Some examples of "Offer state" are: a state in which some petition is submitted to a window, a state in which someone is being asked whether he undertakes some task or not, a state in which executors of some task are being wanted, and so on.
Besides "Offer state," processing states include "Create state," "Allocation state," "Start state," and "Complete state." In addition, manpower and physical resources required to execute a work item are called resources even though we called them "candidates for a work item" above.
Resource Model
Resources mean manpower and physical resources that are necessary to execute work items and are classified as either human resources or non-human resources, such as factories and equipments. Resources are basically members of an organization and belong to one or more departments in the organization. In addition, each resource is assigned a rank in the organization and has a capability to allocate other resources before starting its own task. Non-human resources are categorized as either durable resources or consumable resources. Durable resources can undertake work items without being affected by the number of work items that they are in charge of. On the other hand, consumable resources are consumed, either partly or entirely, to complete work items.
Each resource has a schedule and history. A schedule is a list of work items that the resource is going to undertake in the future while a history is a list of work items that the resource has completed.
Patterns of Offer
There are two patterns of offers. One is asking each resource to execute some work item, and the other is letting multiple resources know existence of some work item.
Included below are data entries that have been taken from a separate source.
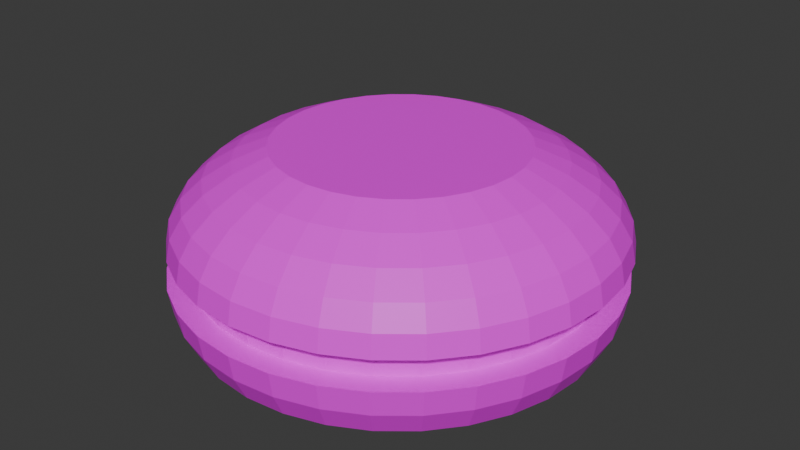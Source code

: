 # Source: plain_burger.blend  (saved by Blender 5.0.119; exported with 4.5.12 LTS)
import bpy
from mathutils import Matrix  # noqa: F401  (used for matrix-valued properties, if any)

bpy.ops.wm.read_factory_settings(use_empty=True)
scene = bpy.context.scene
scene.name = 'Scene'

# ---- collections
col_collection = bpy.data.collections.new('Collection'); scene.collection.children.link(col_collection)

# ---- images (referenced by path relative to the original .blend; pixels are not part of the script)
import os
ASSET_DIR = os.environ.get("B2B_ASSET_DIR", "")  # directory of the original .blend (textures are referenced by path, not embedded)
HERE = os.path.dirname(os.path.abspath(__file__))  # packed textures are extracted next to this script under _unpacked/

def load_image(name, relpath, width, height, colorspace="sRGB"):
    """Load a texture the original file referenced (path relative to the .blend, or extracted next to this script)."""
    p = next((c for c in (os.path.join(HERE, relpath), os.path.join(ASSET_DIR, relpath)) if relpath and os.path.exists(c)), "")
    if p:
        img = bpy.data.images.load(p, check_existing=True)
        img.name = name
    else:  # same state as the original file: an image datablock whose file is absent (Cycles renders it pink)
        img = bpy.data.images.new(name, width, height)
        img.source = "FILE"
        img.filepath = "//" + (relpath or name)
    img.colorspace_settings.name = colorspace
    return img
img_image_processing20250117_2_aw040j_png = load_image('image_processing20250117-2-aw040j.png', 'image_processing20250117-2-aw040j.png', 1024, 1024, 'sRGB')
img_screenshot_2026_03_01_192342_png = load_image('Screenshot 2026-03-01 192342.png', 'Screenshot 2026-03-01 192342.png', 1024, 1024, 'sRGB')

# ---- materials (node trees are filled in below, after node groups)
mat_material_001 = bpy.data.materials.new('Material.001')
mat_material_002 = bpy.data.materials.new('Material.002')

# ---- material node trees
mat_material_001.use_nodes = True; mat_material_001.node_tree.nodes.clear()
_N = mat_material_001.node_tree.nodes; _L = mat_material_001.node_tree.links
n0 = _N.new('ShaderNodeBsdfPrincipled'); n0.name = 'Principled BSDF'; n0.location = (-200, 100)
n1 = _N.new('ShaderNodeOutputMaterial'); n1.name = 'Material Output'; n1.location = (200, 100)
n2 = _N.new('ShaderNodeTexImage'); n2.name = 'Image Texture'; n2.location = (-642, 138)
n2.image = img_image_processing20250117_2_aw040j_png
n3 = _N.new('ShaderNodeMapping'); n3.name = 'Mapping'; n3.location = (-822, 153)
n3.inputs[3].default_value = (1.0, 1.0, 2.0)
n4 = _N.new('ShaderNodeTexCoord'); n4.name = 'Texture Coordinate'; n4.location = (-1084, 111)
_L.new(n0.outputs[0], n1.inputs[0])
_L.new(n2.outputs[0], n0.inputs[0])
_L.new(n3.outputs[0], n2.inputs[0])
_L.new(n4.outputs[2], n3.inputs[0])
n1.is_active_output = True
mat_material_002.use_nodes = True; mat_material_002.node_tree.nodes.clear()
_N = mat_material_002.node_tree.nodes; _L = mat_material_002.node_tree.links
n0 = _N.new('ShaderNodeBsdfPrincipled'); n0.name = 'Principled BSDF'; n0.location = (-200, 100)
n1 = _N.new('ShaderNodeOutputMaterial'); n1.name = 'Material Output'; n1.location = (200, 100)
n2 = _N.new('ShaderNodeTexImage'); n2.name = 'Image Texture'; n2.location = (-545, 66)
n2.image = img_screenshot_2026_03_01_192342_png
n3 = _N.new('ShaderNodeMapping'); n3.name = 'Mapping'; n3.location = (-766, 99)
n3.inputs[3].default_value = (3.0, 3.0, 3.0)
n4 = _N.new('ShaderNodeTexCoord'); n4.name = 'Texture Coordinate'; n4.location = (-948, 68)
_L.new(n0.outputs[0], n1.inputs[0])
_L.new(n2.outputs[0], n0.inputs[0])
_L.new(n3.outputs[0], n2.inputs[0])
_L.new(n4.outputs[2], n3.inputs[0])
n1.is_active_output = True

# ---- world
world_world = bpy.data.worlds.new('World'); scene.world = world_world
world_world.use_nodes = True; world_world.node_tree.nodes.clear()
_N = world_world.node_tree.nodes; _L = world_world.node_tree.links
n0 = _N.new('ShaderNodeOutputWorld'); n0.name = 'World Output'; n0.location = (200, 100)
n1 = _N.new('ShaderNodeBackground'); n1.name = 'Background'; n1.location = (-200, 100)
n1.inputs[0].default_value = (0.05088, 0.05088, 0.05088, 1.0)
_L.new(n1.outputs[0], n0.inputs[0])
n0.is_active_output = True
world_world.color = (0.05088, 0.05088, 0.05088)
world_world.sun_shadow_jitter_overblur = 0.0

# ---- meshes
me_sphere_001 = bpy.data.meshes.new('Sphere.001')
me_sphere_001.from_pydata([(0.0, 0.9808, 0.1951), (0.0, 1.0, 0.0), (0.1802, 0.9061, 0.3827), (0.1913, 0.9619, 0.1951), (0.1951, 0.9808, 0.0), (0.3536, 0.8536, 0.3827), (0.3753, 0.9061, 0.1951), (0.3827, 0.9239, 0.0), (0.5133, 0.7682, 0.3827), (0.5449, 0.8155, 0.1951), (0.5556, 0.8315, 0.0), (0.6533, 0.6533, 0.3827), (0.6935, 0.6935, 0.1951), (0.7071, 0.7071, 0.0), (0.7682, 0.5133, 0.3827), (0.8155, 0.5449, 0.1951), (0.8315, 0.5556, 0.0), (0.8536, 0.3536, 0.3827), (0.9061, 0.3753, 0.1951), (0.9239, 0.3827, 0.0), (0.9061, 0.1802, 0.3827), (0.9619, 0.1913, 0.1951), (0.9808, 0.1951, 0.0), (0.9239, 4.47e-08, 0.3827), (0.9808, -8.941e-08, 0.1951), (1.0, -1.639e-07, 0.0), (0.9061, -0.1802, 0.3827), (0.9619, -0.1913, 0.1951), (0.9808, -0.1951, 0.0), (0.8536, -0.3536, 0.3827), (0.9061, -0.3753, 0.1951), (0.9239, -0.3827, 0.0), (0.7682, -0.5133, 0.3827), (0.8155, -0.5449, 0.1951), (0.8315, -0.5556, 0.0), (0.6533, -0.6533, 0.3827), (0.6935, -0.6935, 0.1951), (0.7071, -0.7071, 0.0), (0.5133, -0.7682, 0.3827), (0.5449, -0.8155, 0.1951), (0.5556, -0.8315, 0.0), (0.3536, -0.8536, 0.3827), (0.3753, -0.9061, 0.1951), (0.3827, -0.9239, 0.0), (0.1802, -0.9061, 0.3827), (0.1913, -0.9619, 0.1951), (0.1951, -0.9808, 0.0), (2.98e-08, -0.9239, 0.3827), (-1.341e-07, -0.9808, 0.1951), (-3.278e-07, -1.0, 0.0), (-0.1802, -0.9061, 0.3827), (-0.1913, -0.9619, 0.1951), (-0.1951, -0.9808, 0.0), (-0.3536, -0.8536, 0.3827), (-0.3753, -0.9061, 0.1951), (-0.3827, -0.9239, 0.0), (-0.5133, -0.7682, 0.3827), (-0.5449, -0.8155, 0.1951), (-0.5556, -0.8315, 0.0), (-0.6533, -0.6533, 0.3827), (-0.6935, -0.6935, 0.1951), (-0.7071, -0.7071, 0.0), (-0.7682, -0.5133, 0.3827), (-0.8155, -0.5449, 0.1951), (-0.8315, -0.5556, 0.0), (-0.8536, -0.3536, 0.3827), (-0.9061, -0.3753, 0.1951), (-0.9239, -0.3827, 0.0), (-0.9061, -0.1802, 0.3827), (-0.9619, -0.1913, 0.1951), (-0.9808, -0.1951, 0.0), (-0.9239, 1.49e-08, 0.3827), (-0.9808, 2.682e-07, 0.1951), (-1.0, 4.47e-07, 0.0), (-0.9061, 0.1802, 0.3827), (-0.9619, 0.1913, 0.1951), (-0.9808, 0.1951, 0.0), (-0.8536, 0.3536, 0.3827), (-0.9061, 0.3753, 0.1951), (-0.9239, 0.3827, 0.0), (-0.7682, 0.5133, 0.3827), (-0.8155, 0.5449, 0.1951), (-0.8315, 0.5556, 0.0), (-0.6533, 0.6533, 0.3827), (-0.6935, 0.6935, 0.1951), (-0.7071, 0.7071, 0.0), (-0.5133, 0.7682, 0.3827), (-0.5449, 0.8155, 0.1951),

The former is done by requesting a resource capable of the work item to execute it or by adding the work item to a list of executable work items that can be browsed by the resource. Under this pattern, we need to determine which resource is the most appropriate among resources that can execute the work item, and we must choose the most suitable resource by ranking resources.
The latter is a pattern in which the most suitable resource is chosen after the existence of a work item is announced to multiple resources. This is analogous to recruitment of part-time workers.
State Transition of Work Items
It is also called a life cycle of work items. Basically, a state of a work item changes as follows.
- A work item is ready for execution. (Create)
- Candidates for the work item are chosen. (Offer)
- A participant to execute the work item is chosen. (Allocation)
- A work item is started or in progress (Start)
- A work item is completed (Complete)
Sometimes the state changes directly from Create to Allocation, skipping Offer. In addition, there is "Fail" state in case a resource can not complete the work item and does not work on it again. Note that only one resource actually undertakes a work item while multiple resources can be offered. Thus, allocation is done only to one resource.
By way of exception to this state transition process, there are Detour Patterns, which categorize special processes that skip a work item, leave a work item to another resource, or suspend and resume a work item.
State Transition without "Offer State"
In some cases, a work item becomes "Allocation state" without going through "Offer state." Such cases happen when a certain resource is allocated without being asked whether it intends to undertake the work item or not or without making offers to other resources.
In these cases, the resource often does not know at all or almost nothing about what the work item that it undertook is like. As soon as the resource completes one work item, a new work item is allocated. And then the resource is required to start working on the new work item without knowing what it is required to do next.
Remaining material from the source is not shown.